→ **Stored data**:

____________________

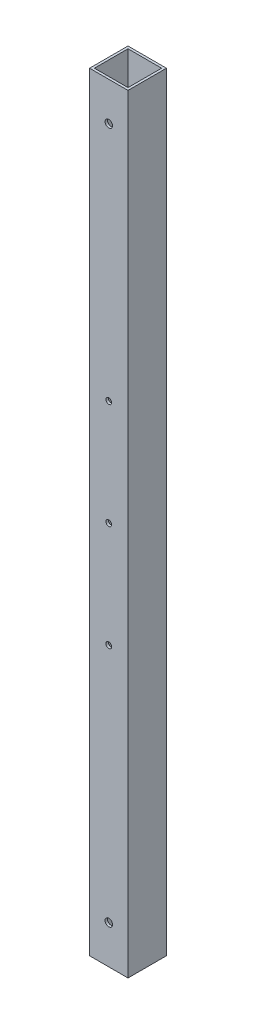
ISO-10303-21;
HEADER;
FILE_DESCRIPTION(('STEP AP214'),'2;1');
FILE_NAME('part.step','',(''),(''),'','','');
FILE_SCHEMA(('AUTOMOTIVE_DESIGN { 1 0 10303 214 1 1 1 1 }'));
ENDSEC;
DATA;
#1=APPLICATION_CONTEXT('core data for automotive mechanical design processes');
#2=APPLICATION_PROTOCOL_DEFINITION('international standard','automotive_design',2000,#1);
#3=PRODUCT_CONTEXT('',#1,'mechanical');
#4=PRODUCT('Part','Part','',(#3));
#5=PRODUCT_RELATED_PRODUCT_CATEGORY('part','',(#4));
#6=PRODUCT_DEFINITION_FORMATION('','',#4);
#7=PRODUCT_DEFINITION_CONTEXT('part definition',#1,'design');
#8=PRODUCT_DEFINITION('design','',#6,#7);
#9=PRODUCT_DEFINITION_SHAPE('','',#8);
#10=(LENGTH_UNIT() NAMED_UNIT(*) SI_UNIT(.MILLI.,.METRE.));
#11=(NAMED_UNIT(*) PLANE_ANGLE_UNIT() SI_UNIT($,.RADIAN.));
#12=(NAMED_UNIT(*) SI_UNIT($,.STERADIAN.) SOLID_ANGLE_UNIT());
#13=UNCERTAINTY_MEASURE_WITH_UNIT(LENGTH_MEASURE(1.E-05),#10,'distance_accuracy_value','');
#14=(GEOMETRIC_REPRESENTATION_CONTEXT(3) GLOBAL_UNCERTAINTY_ASSIGNED_CONTEXT((#13)) GLOBAL_UNIT_ASSIGNED_CONTEXT((#10,
#11,#12)) REPRESENTATION_CONTEXT('',''));
#15=CARTESIAN_POINT('',(0.,0.,0.));
#16=DIRECTION('',(0.,0.,1.));
#17=DIRECTION('',(1.,0.,0.));
#18=AXIS2_PLACEMENT_3D('',#15,#16,#17);
#19=CARTESIAN_POINT('',(0.,254.,0.));
#20=DIRECTION('',(0.,1.,0.));
#21=DIRECTION('',(0.,0.,1.));
#22=AXIS2_PLACEMENT_3D('',#19,#20,#21);
#23=PLANE('',#22);
#24=DIRECTION('',(0.,0.,1.));
#25=VECTOR('',#24,1.);
#26=CARTESIAN_POINT('',(-12.7,254.,12.7));
#27=LINE('',#26,#25);
#28=CARTESIAN_POINT('',(-12.7,254.,-12.7));
#29=VERTEX_POINT('',#28);
#30=CARTESIAN_POINT('',(-12.7,254.,12.7));
#31=VERTEX_POINT('',#30);
#32=EDGE_CURVE('E137',#29,#31,#27,.T.);
#33=ORIENTED_EDGE('',*,*,#32,.T.);
#34=DIRECTION('',(1.,0.,0.));
#35=VECTOR('',#34,1.);
#36=CARTESIAN_POINT('',(12.7,254.,12.7));
#37=LINE('',#36,#35);
#38=CARTESIAN_POINT('',(12.7,254.,12.7));
#39=VERTEX_POINT('',#38);
#40=EDGE_CURVE('E140',#31,#39,#37,.T.);
#41=ORIENTED_EDGE('',*,*,#40,.T.);
#42=DIRECTION('',(0.,0.,-1.));
#43=VECTOR('',#42,1.);
#44=CARTESIAN_POINT('',(12.7,254.,12.7));
#45=LINE('',#44,#43);
#46=CARTESIAN_POINT('',(12.7,254.,-12.7));
#47=VERTEX_POINT('',#46);
#48=EDGE_CURVE('E143',#39,#47,#45,.T.);
#49=ORIENTED_EDGE('',*,*,#48,.T.);
#50=DIRECTION('',(-1.,0.,0.));
#51=VECTOR('',#50,1.);
#52=CARTESIAN_POINT('',(12.7,254.,-12.7));
#53=LINE('',#52,#51);
#54=EDGE_CURVE('E145',#47,#29,#53,.T.);
#55=ORIENTED_EDGE('',*,*,#54,.T.);
#56=EDGE_LOOP('',(#33,#41,#49,#55));
#57=FACE_BOUND('',#56,.T.);
#58=DIRECTION('',(-1.,0.,0.));
#59=VECTOR('',#58,1.);
#60=CARTESIAN_POINT('',(11.1125,254.,-11.1125));
#61=LINE('',#60,#59);
#62=CARTESIAN_POINT('',(11.1125,254.,-11.1125));
#63=VERTEX_POINT('',#62);
#64=CARTESIAN_POINT('',(-11.1125,254.,-11.1125));
#65=VERTEX_POINT('',#64);
#66=EDGE_CURVE('E107',#63,#65,#61,.T.);
#67=ORIENTED_EDGE('',*,*,#66,.F.);
#68=DIRECTION('',(0.,0.,-1.));
#69=VECTOR('',#68,1.);
#70=CARTESIAN_POINT('',(11.1125,254.,11.1125));
#71=LINE('',#70,#69);
#72=CARTESIAN_POINT('',(11.1125,254.,11.1125));
#73=VERTEX_POINT('',#72);
#74=EDGE_CURVE('E99',#73,#63,#71,.T.);
#75=ORIENTED_EDGE('',*,*,#74,.F.);
#76=DIRECTION('',(1.,0.,0.));
#77=VECTOR('',#76,1.);
#78=CARTESIAN_POINT('',(11.1125,254.,11.1125));
#79=LINE('',#78,#77);
#80=CARTESIAN_POINT('',(-11.1125,254.,11.1125));
#81=VERTEX_POINT('',#80);
#82=EDGE_CURVE('E121',#81,#73,#79,.T.);
#83=ORIENTED_EDGE('',*,*,#82,.F.);
#84=DIRECTION('',(0.,0.,1.));
#85=VECTOR('',#84,1.);
#86=CARTESIAN_POINT('',(-11.1125,254.,11.1125));
#87=LINE('',#86,#85);
#88=EDGE_CURVE('E119',#65,#81,#87,.T.);
#89=ORIENTED_EDGE('',*,*,#88,.F.);
#90=EDGE_LOOP('',(#67,#75,#83,#89));
#91=FACE_BOUND('',#90,.T.);
#92=ADVANCED_FACE('F32',(#57,#91),#23,.T.);
#93=CARTESIAN_POINT('',(0.,-254.,0.));
#94=DIRECTION('',(0.,1.,0.));
#95=DIRECTION('',(0.,0.,1.));
#96=AXIS2_PLACEMENT_3D('',#93,#94,#95);
#97=PLANE('',#96);
#98=DIRECTION('',(0.,0.,1.));
#99=VECTOR('',#98,1.);
#100=CARTESIAN_POINT('',(-12.7,-254.,12.7));
#101=LINE('',#100,#99);
#102=CARTESIAN_POINT('',(-12.7,-254.,-12.7));
#103=VERTEX_POINT('',#102);
#104=CARTESIAN_POINT('',(-12.7,-254.,12.7));
#105=VERTEX_POINT('',#104);
#106=EDGE_CURVE('E115',#103,#105,#101,.T.);
#107=ORIENTED_EDGE('',*,*,#106,.F.);
#108=DIRECTION('',(-1.,0.,0.));
#109=VECTOR('',#108,1.);
#110=CARTESIAN_POINT('',(12.7,-254.,-12.7));
#111=LINE('',#110,#109);
#112=CARTESIAN_POINT('',(12.7,-254.,-12.7));
#113=VERTEX_POINT('',#112);
#114=EDGE_CURVE('E141',#113,#103,#111,.T.);
#115=ORIENTED_EDGE('',*,*,#114,.F.);
#116=DIRECTION('',(0.,0.,-1.));
#117=VECTOR('',#116,1.);
#118=CARTESIAN_POINT('',(12.7,-254.,12.7));
#119=LINE('',#118,#117);
#120=CARTESIAN_POINT('',(12.7,-254.,12.7));
#121=VERTEX_POINT('',#120);
#122=EDGE_CURVE('E152',#121,#113,#119,.T.);
#123=ORIENTED_EDGE('',*,*,#122,.F.);
#124=DIRECTION('',(1.,0.,0.));
#125=VECTOR('',#124,1.);
#126=CARTESIAN_POINT('',(12.7,-254.,12.7));
#127=LINE('',#126,#125);
#128=EDGE_CURVE('E150',#105,#121,#127,.T.);
#129=ORIENTED_EDGE('',*,*,#128,.F.);
#130=EDGE_LOOP('',(#107,#115,#123,#129));
#131=FACE_BOUND('',#130,.T.);
#132=DIRECTION('',(0.,0.,-1.));
#133=VECTOR('',#132,1.);
#134=CARTESIAN_POINT('',(11.1125,-254.,11.1125));
#135=LINE('',#134,#133);
#136=CARTESIAN_POINT('',(11.1125,-254.,11.1125));
#137=VERTEX_POINT('',#136);
#138=CARTESIAN_POINT('',(11.1125,-254.,-11.1125));
#139=VERTEX_POINT('',#138);
#140=EDGE_CURVE('E57',#137,#139,#135,.T.);
#141=ORIENTED_EDGE('',*,*,#140,.T.);
#142=DIRECTION('',(-1.,0.,0.));
#143=VECTOR('',#142,1.);
#144=CARTESIAN_POINT('',(11.1125,-254.,-11.1125));
#145=LINE('',#144,#143);
#146=CARTESIAN_POINT('',(-11.1125,-254.,-11.1125));
#147=VERTEX_POINT('',#146);
#148=EDGE_CURVE('E114',#139,#147,#145,.T.);
#149=ORIENTED_EDGE('',*,*,#148,.T.);
#150=DIRECTION('',(0.,0.,1.));
#151=VECTOR('',#150,1.);
#152=CARTESIAN_POINT('',(-11.1125,-254.,11.1125));
#153=LINE('',#152,#151);
#154=CARTESIAN_POINT('',(-11.1125,-254.,11.1125));
#155=VERTEX_POINT('',#154);
#156=EDGE_CURVE('E129',#147,#155,#153,.T.);
#157=ORIENTED_EDGE('',*,*,#156,.T.);
#158=DIRECTION('',(1.,0.,0.));
#159=VECTOR('',#158,1.);
#160=CARTESIAN_POINT('',(11.1125,-254.,11.1125));
#161=LINE('',#160,#159);
#162=EDGE_CURVE('E108',#155,#137,#161,.T.);
#163=ORIENTED_EDGE('',*,*,#162,.T.);
#164=EDGE_LOOP('',(#141,#149,#157,#163));
#165=FACE_BOUND('',#164,.T.);
#166=ADVANCED_FACE('F236',(#131,#165),#97,.F.);
#167=CARTESIAN_POINT('',(-12.7,254.,12.7));
#168=DIRECTION('',(1.,0.,0.));
#169=DIRECTION('',(0.,0.,-1.));
#170=AXIS2_PLACEMENT_3D('',#167,#168,#169);
#171=PLANE('',#170);
#172=ORIENTED_EDGE('',*,*,#106,.T.);
#173=DIRECTION('',(0.,-1.,0.));
#174=VECTOR('',#173,1.);
#175=CARTESIAN_POINT('',(-12.7,254.,12.7));
#176=LINE('',#175,#174);
#177=EDGE_CURVE('E11',#31,#105,#176,.T.);
#178=ORIENTED_EDGE('',*,*,#177,.F.);
#179=ORIENTED_EDGE('',*,*,#32,.F.);
#180=DIRECTION('',(0.,-1.,0.));
#181=VECTOR('',#180,1.);
#182=CARTESIAN_POINT('',(-12.7,254.,-12.7));
#183=LINE('',#182,#181);
#184=EDGE_CURVE('E147',#29,#103,#183,.T.);
#185=ORIENTED_EDGE('',*,*,#184,.T.);
#186=EDGE_LOOP('',(#172,#178,#179,#185));
#187=FACE_BOUND('',#186,.T.);
#188=ADVANCED_FACE('F34',(#187),#171,.F.);
#189=CARTESIAN_POINT('',(12.7,254.,12.7));
#190=DIRECTION('',(0.,0.,-1.));
#191=DIRECTION('',(-1.,0.,0.));
#192=AXIS2_PLACEMENT_3D('',#189,#190,#191);
#193=PLANE('',#192);
#194=CARTESIAN_POINT('',(-4.84811459262744E-13,69.85,12.7));
#195=DIRECTION('',(0.,0.,1.));
#196=DIRECTION('',(1.,0.,0.));
#197=AXIS2_PLACEMENT_3D('',#194,#195,#196);
#198=CIRCLE('',#197,1.90499999999999);
#199=CARTESIAN_POINT('',(1.90499999999951,69.85,12.7));
#200=VERTEX_POINT('',#199);
#201=EDGE_CURVE('E264',#200,#200,#198,.T.);
#202=ORIENTED_EDGE('',*,*,#201,.F.);
#203=EDGE_LOOP('',(#202));
#204=FACE_BOUND('',#203,.T.);
#205=CARTESIAN_POINT('',(-2.40931487744551E-13,0.,12.7));
#206=DIRECTION('',(0.,0.,1.));
#207=DIRECTION('',(1.,0.,0.));
#208=AXIS2_PLACEMENT_3D('',#205,#206,#207);
#209=CIRCLE('',#208,1.90499999999999);
#210=CARTESIAN_POINT('',(1.90499999999975,0.,12.7));
#211=VERTEX_POINT('',#210);
#212=EDGE_CURVE('E186',#211,#211,#209,.T.);
#213=ORIENTED_EDGE('',*,*,#212,.F.);
#214=EDGE_LOOP('',(#213));
#215=FACE_BOUND('',#214,.T.);
#216=CARTESIAN_POINT('',(0.,-69.85,12.7));
#217=DIRECTION('',(0.,0.,1.));
#218=DIRECTION('',(1.,0.,0.));
#219=AXIS2_PLACEMENT_3D('',#216,#217,#218);
#220=CIRCLE('',#219,1.90499999999999);
#221=CARTESIAN_POINT('',(1.905,-69.85,12.7));
#222=VERTEX_POINT('',#221);
#223=EDGE_CURVE('E183',#222,#222,#220,.T.);
#224=ORIENTED_EDGE('',*,*,#223,.F.);
#225=EDGE_LOOP('',(#224));
#226=FACE_BOUND('',#225,.T.);
#227=CARTESIAN_POINT('',(0.,228.6,12.7));
#228=DIRECTION('',(0.,0.,-1.));
#229=DIRECTION('',(-1.,0.,0.));
#230=AXIS2_PLACEMENT_3D('',#227,#228,#229);
#231=CIRCLE('',#230,2.45744999999999);
#232=CARTESIAN_POINT('',(-2.45744999999999,228.6,12.7));
#233=VERTEX_POINT('',#232);
#234=EDGE_CURVE('E206',#233,#233,#231,.T.);
#235=ORIENTED_EDGE('',*,*,#234,.T.);
#236=EDGE_LOOP('',(#235));
#237=FACE_BOUND('',#236,.T.);
#238=CARTESIAN_POINT('',(0.,-228.6,12.7));
#239=DIRECTION('',(0.,0.,-1.));
#240=DIRECTION('',(-1.,0.,0.));
#241=AXIS2_PLACEMENT_3D('',#238,#239,#240);
#242=CIRCLE('',#241,2.45744999999999);
#243=CARTESIAN_POINT('',(-2.45744999999999,-228.6,12.7));
#244=VERTEX_POINT('',#243);
#245=EDGE_CURVE('E127',#244,#244,#242,.T.);
#246=ORIENTED_EDGE('',*,*,#245,.T.);
#247=EDGE_LOOP('',(#246));
#248=FACE_BOUND('',#247,.T.);
#249=ORIENTED_EDGE('',*,*,#128,.T.);
#250=DIRECTION('',(0.,-1.,0.));
#251=VECTOR('',#250,1.);
#252=CARTESIAN_POINT('',(12.7,254.,12.7));
#253=LINE('',#252,#251);
#254=EDGE_CURVE('E41',#39,#121,#253,.T.);
#255=ORIENTED_EDGE('',*,*,#254,.F.);
#256=ORIENTED_EDGE('',*,*,#40,.F.);
#257=ORIENTED_EDGE('',*,*,#177,.T.);
#258=EDGE_LOOP('',(#249,#255,#256,#257));
#259=FACE_BOUND('',#258,.T.);
#260=ADVANCED_FACE('F215',(#204,#215,#226,#237,#248,#259),#193,.F.);
#261=CARTESIAN_POINT('',(12.7,254.,12.7));
#262=DIRECTION('',(-1.,0.,0.));
#263=DIRECTION('',(0.,0.,1.));
#264=AXIS2_PLACEMENT_3D('',#261,#262,#263);
#265=PLANE('',#264);
#266=ORIENTED_EDGE('',*,*,#122,.T.);
#267=DIRECTION('',(0.,-1.,0.));
#268=VECTOR('',#267,1.);
#269=CARTESIAN_POINT('',(12.7,254.,-12.7));
#270=LINE('',#269,#268);
#271=EDGE_CURVE('E157',#47,#113,#270,.T.);
#272=ORIENTED_EDGE('',*,*,#271,.F.);
#273=ORIENTED_EDGE('',*,*,#48,.F.);
#274=ORIENTED_EDGE('',*,*,#254,.T.);
#275=EDGE_LOOP('',(#266,#272,#273,#274));
#276=FACE_BOUND('',#275,.T.);
#277=ADVANCED_FACE('F250',(#276),#265,.F.);
#278=CARTESIAN_POINT('',(12.7,254.,-12.7));
#279=DIRECTION('',(0.,0.,1.));
#280=DIRECTION('',(1.,0.,0.));
#281=AXIS2_PLACEMENT_3D('',#278,#279,#280);
#282=PLANE('',#281);
#283=CARTESIAN_POINT('',(-4.84811459262744E-13,69.85,-12.7));
#284=DIRECTION('',(0.,0.,1.));
#285=DIRECTION('',(1.,0.,0.));
#286=AXIS2_PLACEMENT_3D('',#283,#284,#285);
#287=CIRCLE('',#286,1.90499999999999);
#288=CARTESIAN_POINT('',(1.90499999999951,69.85,-12.7));
#289=VERTEX_POINT('',#288);
#290=EDGE_CURVE('E301',#289,#289,#287,.T.);
#291=ORIENTED_EDGE('',*,*,#290,.T.);
#292=EDGE_LOOP('',(#291));
#293=FACE_BOUND('',#292,.T.);
#294=CARTESIAN_POINT('',(-2.40931487744551E-13,0.,-12.7));
#295=DIRECTION('',(0.,0.,1.));
#296=DIRECTION('',(1.,0.,0.));
#297=AXIS2_PLACEMENT_3D('',#294,#295,#296);
#298=CIRCLE('',#297,1.90499999999999);
#299=CARTESIAN_POINT('',(1.90499999999975,0.,-12.7));
#300=VERTEX_POINT('',#299);
#301=EDGE_CURVE('E179',#300,#300,#298,.T.);
#302=ORIENTED_EDGE('',*,*,#301,.T.);
#303=EDGE_LOOP('',(#302));
#304=FACE_BOUND('',#303,.T.);
#305=CARTESIAN_POINT('',(0.,-69.85,-12.7));
#306=DIRECTION('',(0.,0.,1.));
#307=DIRECTION('',(1.,0.,0.));
#308=AXIS2_PLACEMENT_3D('',#305,#306,#307);
#309=CIRCLE('',#308,1.90499999999999);
#310=CARTESIAN_POINT('',(1.905,-69.85,-12.7));
#311=VERTEX_POINT('',#310);
#312=EDGE_CURVE('E175',#311,#311,#309,.T.);
#313=ORIENTED_EDGE('',*,*,#312,.T.);
#314=EDGE_LOOP('',(#313));
#315=FACE_BOUND('',#314,.T.);
#316=CARTESIAN_POINT('',(0.,228.6,-12.7));
#317=DIRECTION('',(0.,0.,-1.));
#318=DIRECTION('',(-1.,0.,0.));
#319=AXIS2_PLACEMENT_3D('',#316,#317,#318);
#320=CIRCLE('',#319,2.45744999999999);
#321=CARTESIAN_POINT('',(-2.45744999999999,228.6,-12.7));
#322=VERTEX_POINT('',#321);
#323=EDGE_CURVE('E171',#322,#322,#320,.T.);
#324=ORIENTED_EDGE('',*,*,#323,.F.);
#325=EDGE_LOOP('',(#324));
#326=FACE_BOUND('',#325,.T.);
#327=CARTESIAN_POINT('',(0.,-228.6,-12.7));
#328=DIRECTION('',(0.,0.,-1.));
#329=DIRECTION('',(-1.,0.,0.));
#330=AXIS2_PLACEMENT_3D('',#327,#328,#329);
#331=CIRCLE('',#330,2.45744999999999);
#332=CARTESIAN_POINT('',(-2.45744999999999,-228.6,-12.7));
#333=VERTEX_POINT('',#332);
#334=EDGE_CURVE('E166',#333,#333,#331,.T.);
#335=ORIENTED_EDGE('',*,*,#334,.F.);
#336=EDGE_LOOP('',(#335));
#337=FACE_BOUND('',#336,.T.);
#338=ORIENTED_EDGE('',*,*,#114,.T.);
#339=ORIENTED_EDGE('',*,*,#184,.F.);
#340=ORIENTED_EDGE('',*,*,#54,.F.);
#341=ORIENTED_EDGE('',*,*,#271,.T.);
#342=EDGE_LOOP('',(#338,#339,#340,#341));
#343=FACE_BOUND('',#342,.T.);
#344=ADVANCED_FACE('F247',(#293,#304,#315,#326,#337,#343),#282,.F.);
#345=CARTESIAN_POINT('',(11.1125,254.,11.1125));
#346=DIRECTION('',(-1.,0.,0.));
#347=DIRECTION('',(0.,0.,1.));
#348=AXIS2_PLACEMENT_3D('',#345,#346,#347);
#349=PLANE('',#348);
#350=ORIENTED_EDGE('',*,*,#140,.F.);
#351=DIRECTION('',(0.,-1.,0.));
#352=VECTOR('',#351,1.);
#353=CARTESIAN_POINT('',(11.1125,254.,11.1125));
#354=LINE('',#353,#352);
#355=EDGE_CURVE('E103',#73,#137,#354,.T.);
#356=ORIENTED_EDGE('',*,*,#355,.F.);
#357=ORIENTED_EDGE('',*,*,#74,.T.);
#358=DIRECTION('',(0.,-1.,0.));
#359=VECTOR('',#358,1.);
#360=CARTESIAN_POINT('',(11.1125,254.,-11.1125));
#361=LINE('',#360,#359);
#362=EDGE_CURVE('E102',#63,#139,#361,.T.);
#363=ORIENTED_EDGE('',*,*,#362,.T.);
#364=EDGE_LOOP('',(#350,#356,#357,#363));
#365=FACE_BOUND('',#364,.T.);
#366=ADVANCED_FACE('F101',(#365),#349,.T.);
#367=CARTESIAN_POINT('',(11.1125,254.,-11.1125));
#368=DIRECTION('',(0.,0.,1.));
#369=DIRECTION('',(1.,0.,0.));
#370=AXIS2_PLACEMENT_3D('',#367,#368,#369);
#371=PLANE('',#370);
#372=CARTESIAN_POINT('',(-4.84811459262744E-13,69.85,-11.1125));
#373=DIRECTION('',(0.,0.,1.));
#374=DIRECTION('',(1.,0.,0.));
#375=AXIS2_PLACEMENT_3D('',#372,#373,#374);
#376=CIRCLE('',#375,1.90499999999999);
#377=CARTESIAN_POINT('',(1.90499999999951,69.85,-11.1125));
#378=VERTEX_POINT('',#377);
#379=EDGE_CURVE('E191',#378,#378,#376,.T.);
#380=ORIENTED_EDGE('',*,*,#379,.F.);
#381=EDGE_LOOP('',(#380));
#382=FACE_BOUND('',#381,.T.);
#383=CARTESIAN_POINT('',(-2.40931487744551E-13,0.,-11.1125));
#384=DIRECTION('',(0.,0.,1.));
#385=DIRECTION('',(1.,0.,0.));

____________________

→ **PROMPT**:
From the line that contains "#352=VECTOR('',#351,1.);" through the final line of the entries above, every line must be reproduced exactly and nothing more.

→ **ANSWER BOX**:
#352=VECTOR('',#351,1.);
#353=CARTESIAN_POINT('',(11.1125,254.,11.1125));
#354=LINE('',#353,#352);
#355=EDGE_CURVE('E103',#73,#137,#354,.T.);
#356=ORIENTED_EDGE('',*,*,#355,.F.);
#357=ORIENTED_EDGE('',*,*,#74,.T.);
#358=DIRECTION('',(0.,-1.,0.));
#359=VECTOR('',#358,1.);
#360=CARTESIAN_POINT('',(11.1125,254.,-11.1125));
#361=LINE('',#360,#359);
#362=EDGE_CURVE('E102',#63,#139,#361,.T.);
#363=ORIENTED_EDGE('',*,*,#362,.T.);
#364=EDGE_LOOP('',(#350,#356,#357,#363));
#365=FACE_BOUND('',#364,.T.);
#366=ADVANCED_FACE('F101',(#365),#349,.T.);
#367=CARTESIAN_POINT('',(11.1125,254.,-11.1125));
#368=DIRECTION('',(0.,0.,1.));
#369=DIRECTION('',(1.,0.,0.));
#370=AXIS2_PLACEMENT_3D('',#367,#368,#369);
#371=PLANE('',#370);
#372=CARTESIAN_POINT('',(-4.84811459262744E-13,69.85,-11.1125));
#373=DIRECTION('',(0.,0.,1.));
#374=DIRECTION('',(1.,0.,0.));
#375=AXIS2_PLACEMENT_3D('',#372,#373,#374);
#376=CIRCLE('',#375,1.90499999999999);
#377=CARTESIAN_POINT('',(1.90499999999951,69.85,-11.1125));
#378=VERTEX_POINT('',#377);
#379=EDGE_CURVE('E191',#378,#378,#376,.T.);
#380=ORIENTED_EDGE('',*,*,#379,.F.);
#381=EDGE_LOOP('',(#380));
#382=FACE_BOUND('',#381,.T.);
#383=CARTESIAN_POINT('',(-2.40931487744551E-13,0.,-11.1125));
#384=DIRECTION('',(0.,0.,1.));
#385=DIRECTION('',(1.,0.,0.));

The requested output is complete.